**WORK ITEM**: Scan the entries below. Report each line where the string "Elements" occurs.

(Stored records)
**********

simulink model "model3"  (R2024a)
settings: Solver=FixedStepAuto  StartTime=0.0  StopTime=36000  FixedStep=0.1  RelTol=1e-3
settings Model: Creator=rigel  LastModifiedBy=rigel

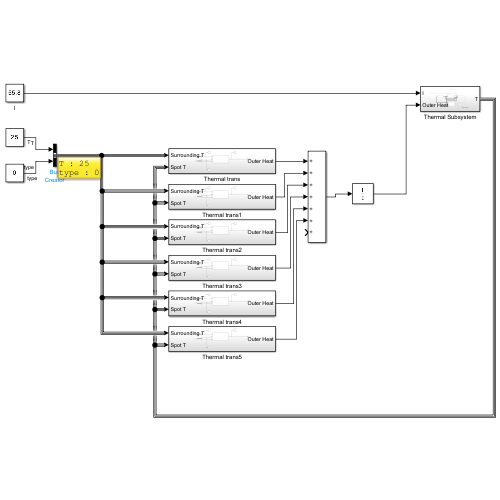
[thumbnail: Simulink's stored preview of the top-level diagram]
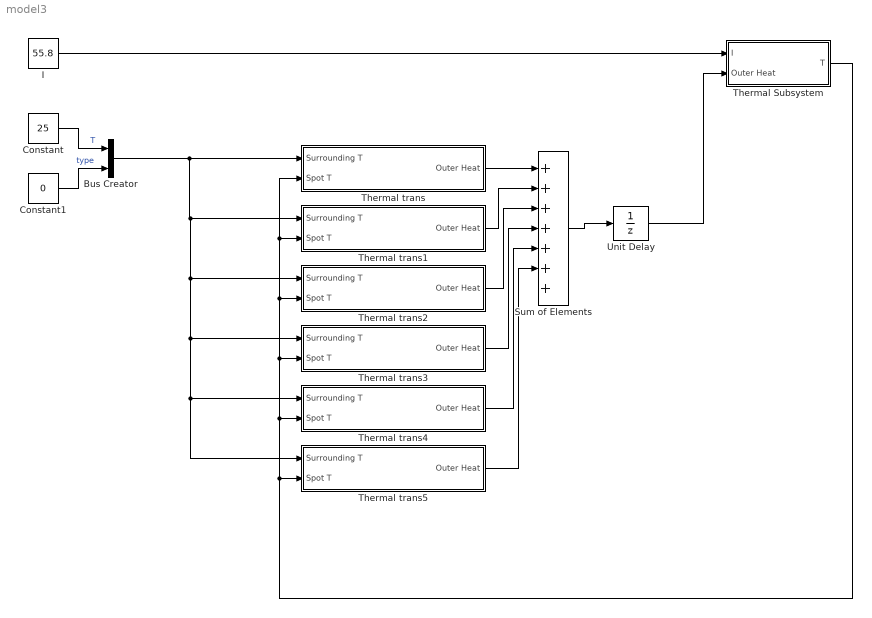
== system model3 ==
  Bus Creator : BusCreator  Inputs=2
  Constant : Constant  Value=25
  Constant1 : Constant  Value=0
  I : Constant  Value=55.8
  Sum of Elements : Sum  Inputs=+++++++
  Thermal Subsystem : Subsystem
  Thermal trans : Subsystem
  Thermal trans1 : Subsystem
  Thermal trans2 : Subsystem
  Thermal trans3 : Subsystem
  Thermal trans4 : Subsystem
  Thermal trans5 : Subsystem
  Unit Delay : UnitDelay  SampleTime=-1  HasFrameUpgradeWarning=on
  wires:
  Thermal Subsystem/1(T) -> Thermal trans/2(Spot T), Thermal trans1/2(Spot T), Thermal trans2/2(Spot T), Thermal trans3/2(Spot T), Thermal trans4/2(Spot T), Thermal trans5/2(Spot T)
  I/1 -> Thermal Subsystem/1(I)
  Unit Delay/1 -> Thermal Subsystem/2(Outer Heat)
  Constant/1 -> Bus Creator/1  "T"
  Constant1/1 -> Bus Creator/2  "type"
  Sum of Elements/1 -> Unit Delay/1
  Thermal trans/1(Outer Heat) -> Sum of Elements/1
  Thermal trans1/1(Outer Heat) -> Sum of Elements/2
  Thermal trans2/1(Outer Heat) -> Sum of Elements/3
  Thermal trans3/1(Outer Heat) -> Sum of Elements/4
  Thermal trans4/1(Outer Heat) -> Sum of Elements/5
  Thermal trans5/1(Outer Heat) -> Sum of Elements/6
  Bus Creator/1 -> Thermal trans5/1(Surrounding T), Thermal trans4/1(Surrounding T), Thermal trans3/1(Surrounding T), Thermal trans2/1(Surrounding T), Thermal trans1/1(Surrounding T), Thermal trans/1(Surrounding T)

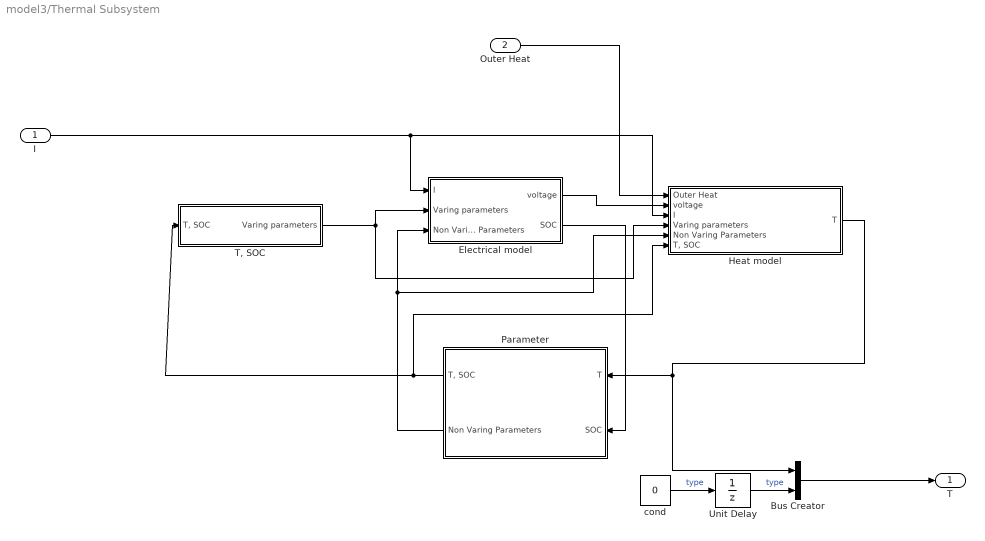
== system model3/Thermal Subsystem ==
  I : Inport
  Outer Heat : Inport  Port=2
  Bus Creator : BusCreator  Inputs=2
  Electrical model : Subsystem
  Heat model : Subsystem
  Parameter : Subsystem
  "T, SOC" : Subsystem
  Unit Delay : UnitDelay  SampleTime=-1  HasFrameUpgradeWarning=on
  cond : Constant  Value=0
  T : Outport
  wires:
  Parameter/2(Non Varing Parameters) -> Electrical model/3(Non Varing Parameters), Heat model/5(Non Varing Parameters)
  "T, SOC"/1(Varing parameters) -> Electrical model/2(Varing parameters), Heat model/4(Varing parameters)
  I/1 -> Heat model/3(I), Electrical model/1(I)
  Electrical model/2(SOC) -> Parameter/2(SOC)
  Electrical model/1(voltage) -> Heat model/2(voltage)
  Parameter/1("T, SOC") -> Heat model/6("T, SOC"), "T, SOC"/1("T, SOC")
  Outer Heat/1 -> Heat model/1(Outer Heat)
  Heat model/1(T) -> Bus Creator/1, Parameter/1(T)
  Bus Creator/1 -> T/1
  cond/1 -> Unit Delay/1  "type"
  Unit Delay/1 -> Bus Creator/2  "type"

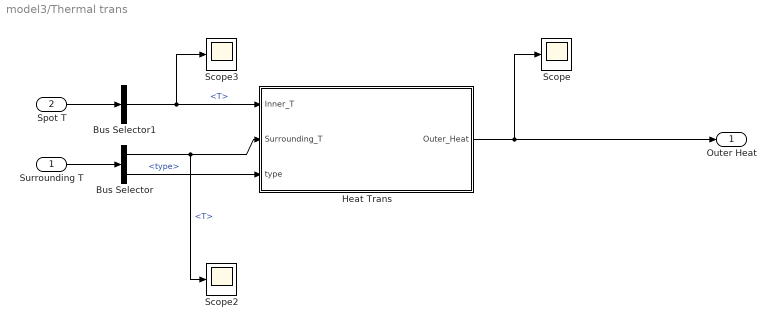
== system model3/Thermal trans ==
  Surrounding T : Inport
  Spot T : Inport  Port=2
  Bus Selector : BusSelector  OutputSignals=T,type
  Bus Selector1 : BusSelector  OutputSignals=T
  Heat Trans : MATLAB Function  TreatAsAtomicUnit=on
  Scope : Scope
  Scope2 : Scope
  Scope3 : Scope
  Outer Heat : Outport
  wires:
  Heat Trans/1(Outer_Heat) -> Scope/1, Outer Heat/1
  Bus Selector/1 -> Scope2/1, Heat Trans/2(Surrounding_T)  "<T>"
  Bus Selector/2 -> Heat Trans/3(type)  "<type>"
  Bus Selector1/1 -> Scope3/1, Heat Trans/1(Inner_T)  "<T>"
  Spot T/1 -> Bus Selector1/1
  Surrounding T/1 -> Bus Selector/1

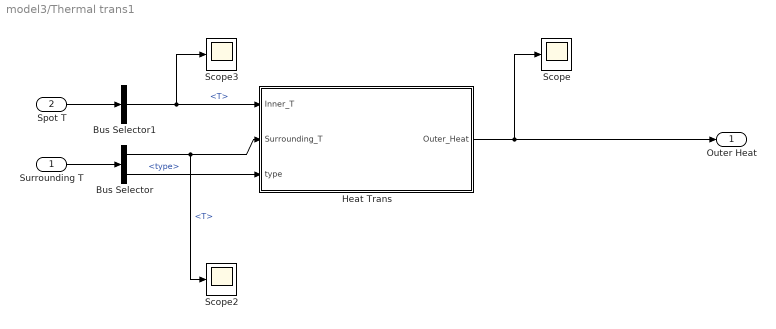
== system model3/Thermal trans1 ==
  Surrounding T : Inport
  Spot T : Inport  Port=2
  Bus Selector : BusSelector  OutputSignals=T,type
  Bus Selector1 : BusSelector  OutputSignals=T
  Heat Trans : MATLAB Function  TreatAsAtomicUnit=on
  Scope : Scope
  Scope2 : Scope
  Scope3 : Scope
  Outer Heat : Outport
  wires:
  Heat Trans/1(Outer_Heat) -> Scope/1, Outer Heat/1
  Bus Selector/1 -> Scope2/1, Heat Trans/2(Surrounding_T)  "<T>"
  Bus Selector/2 -> Heat Trans/3(type)  "<type>"
  Bus Selector1/1 -> Scope3/1, Heat Trans/1(Inner_T)  "<T>"
  Spot T/1 -> Bus Selector1/1
  Surrounding T/1 -> Bus Selector/1

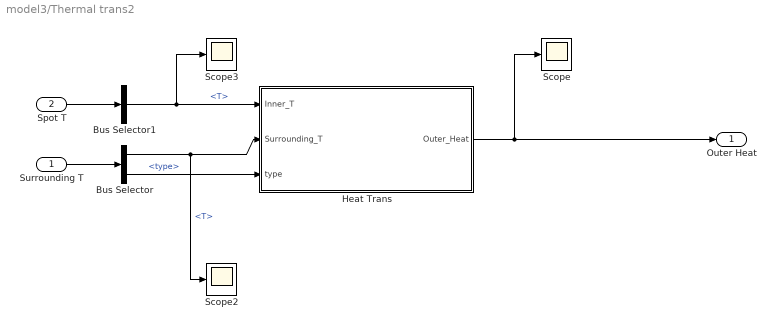
== system model3/Thermal trans2 ==
  Surrounding T : Inport
  Spot T : Inport  Port=2
  Bus Selector : BusSelector  OutputSignals=T,type
  Bus Selector1 : BusSelector  OutputSignals=T
  Heat Trans : MATLAB Function  TreatAsAtomicUnit=on
  Scope : Scope
  Scope2 : Scope
  Scope3 : Scope
  Outer Heat : Outport
  wires:
  Heat Trans/1(Outer_Heat) -> Scope/1, Outer Heat/1
  Bus Selector/1 -> Scope2/1, Heat Trans/2(Surrounding_T)  "<T>"
  Bus Selector/2 -> Heat Trans/3(type)  "<type>"
  Bus Selector1/1 -> Scope3/1, Heat Trans/1(Inner_T)  "<T>"
  Spot T/1 -> Bus Selector1/1
  Surrounding T/1 -> Bus Selector/1

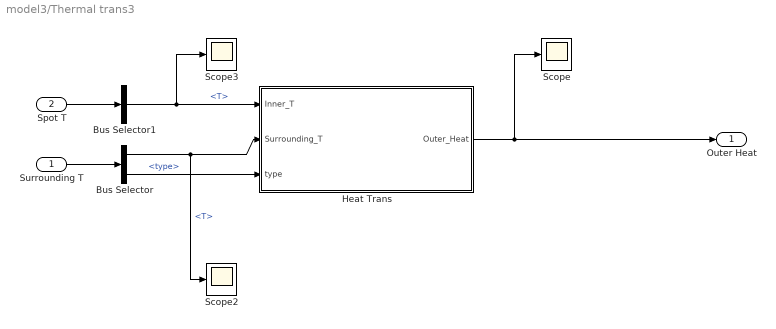
== system model3/Thermal trans3 ==
  Surrounding T : Inport
  Spot T : Inport  Port=2
  Bus Selector : BusSelector  OutputSignals=T,type
  Bus Selector1 : BusSelector  OutputSignals=T
  Heat Trans : MATLAB Function  TreatAsAtomicUnit=on
  Scope : Scope
  Scope2 : Scope
  Scope3 : Scope
  Outer Heat : Outport
  wires:
  Heat Trans/1(Outer_Heat) -> Scope/1, Outer Heat/1
  Bus Selector/1 -> Scope2/1, Heat Trans/2(Surrounding_T)  "<T>"
  Bus Selector/2 -> Heat Trans/3(type)  "<type>"
  Bus Selector1/1 -> Scope3/1, Heat Trans/1(Inner_T)  "<T>"
  Spot T/1 -> Bus Selector1/1
  Surrounding T/1 -> Bus Selector/1

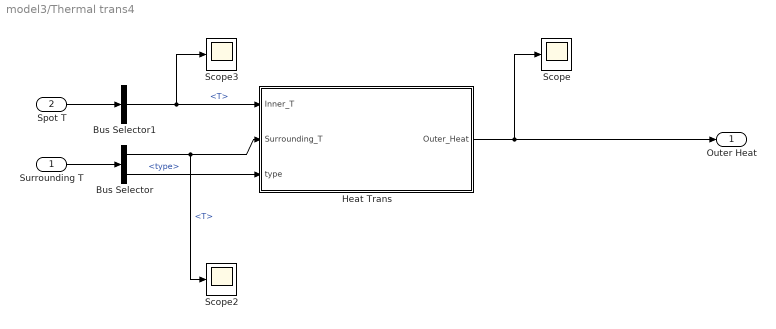
== system model3/Thermal trans4 ==
  Surrounding T : Inport
  Spot T : Inport  Port=2
  Bus Selector : BusSelector  OutputSignals=T,type
  Bus Selector1 : BusSelector  OutputSignals=T
  Heat Trans : MATLAB Function  TreatAsAtomicUnit=on
  Scope : Scope
  Scope2 : Scope
  Scope3 : Scope
  Outer Heat : Outport
  wires:
  Heat Trans/1(Outer_Heat) -> Scope/1, Outer Heat/1
  Bus Selector/1 -> Scope2/1, Heat Trans/2(Surrounding_T)  "<T>"
  Bus Selector/2 -> Heat Trans/3(type)  "<type>"
  Bus Selector1/1 -> Scope3/1, Heat Trans/1(Inner_T)  "<T>"
  Spot T/1 -> Bus Selector1/1
  Surrounding T/1 -> Bus Selector/1

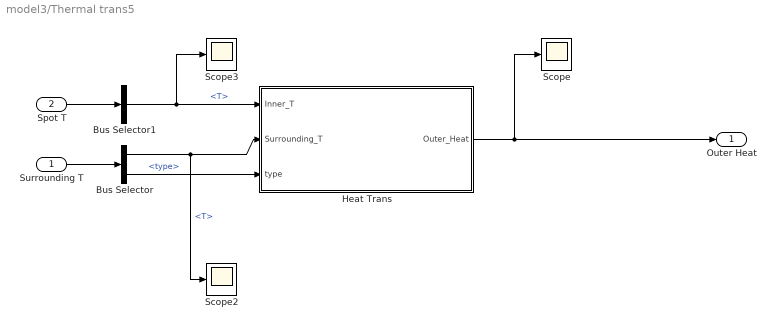
== system model3/Thermal trans5 ==
  Surrounding T : Inport
  Spot T : Inport  Port=2
  Bus Selector : BusSelector  OutputSignals=T,type
  Bus Selector1 : BusSelector  OutputSignals=T
  Heat Trans : MATLAB Function  TreatAsAtomicUnit=on
  Scope : Scope
  Scope2 : Scope
  Scope3 : Scope
  Outer Heat : Outport
  wires:
  Heat Trans/1(Outer_Heat) -> Scope/1, Outer Heat/1
  Bus Selector/1 -> Scope2/1, Heat Trans/2(Surrounding_T)  "<T>"
  Bus Selector/2 -> Heat Trans/3(type)  "<type>"
  Bus Selector1/1 -> Scope3/1, Heat Trans/1(Inner_T)  "<T>"
  Spot T/1 -> Bus Selector1/1
  Surrounding T/1 -> Bus Selector/1

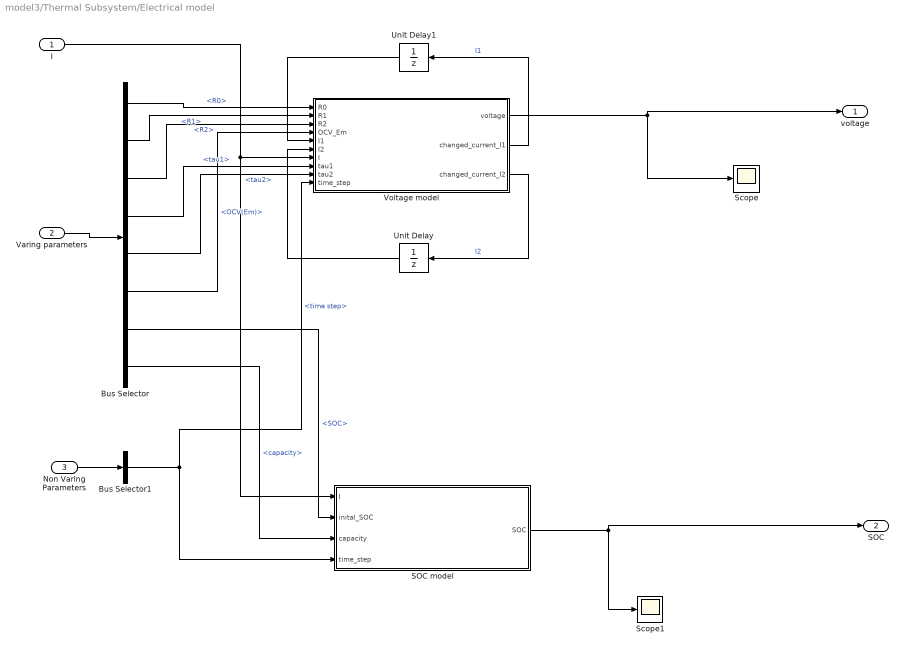
== system model3/Thermal Subsystem/Electrical model ==
  I : Inport
  Varing parameters : Inport  Port=2
  Non Varing Parameters : Inport  Port=3
  Bus Selector : BusSelector  OutputSignals=R0,R1,R2,tau1,tau2,OCV(Em),SOC,capacity
  Bus Selector1 : BusSelector  OutputSignals=time step
  SOC model : MATLAB Function  TreatAsAtomicUnit=on
  Scope : Scope
  Scope1 : Scope
  Unit Delay : UnitDelay  SampleTime=-1  HasFrameUpgradeWarning=on
  Unit Delay1 : UnitDelay  SampleTime=-1  HasFrameUpgradeWarning=on
  Voltage model : MATLAB Function  TreatAsAtomicUnit=on
  voltage : Outport
  SOC : Outport  Port=2
  wires:
  Varing parameters/1 -> Bus Selector/1
  Bus Selector/1 -> Voltage model/1(R0)  "<R0>"
  Bus Selector/2 -> Voltage model/2(R1)  "<R1>"
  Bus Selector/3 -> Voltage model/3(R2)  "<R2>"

**********

**ANSWER**:
  Sum of Elements : Sum  Inputs=+++++++
  Sum of Elements/1 -> Unit Delay/1
  Thermal trans/1(Outer Heat) -> Sum of Elements/1
  Thermal trans1/1(Outer Heat) -> Sum of Elements/2
  Thermal trans2/1(Outer Heat) -> Sum of Elements/3
  Thermal trans3/1(Outer Heat) -> Sum of Elements/4
  Thermal trans4/1(Outer Heat) -> Sum of Elements/5
  Thermal trans5/1(Outer Heat) -> Sum of Elements/6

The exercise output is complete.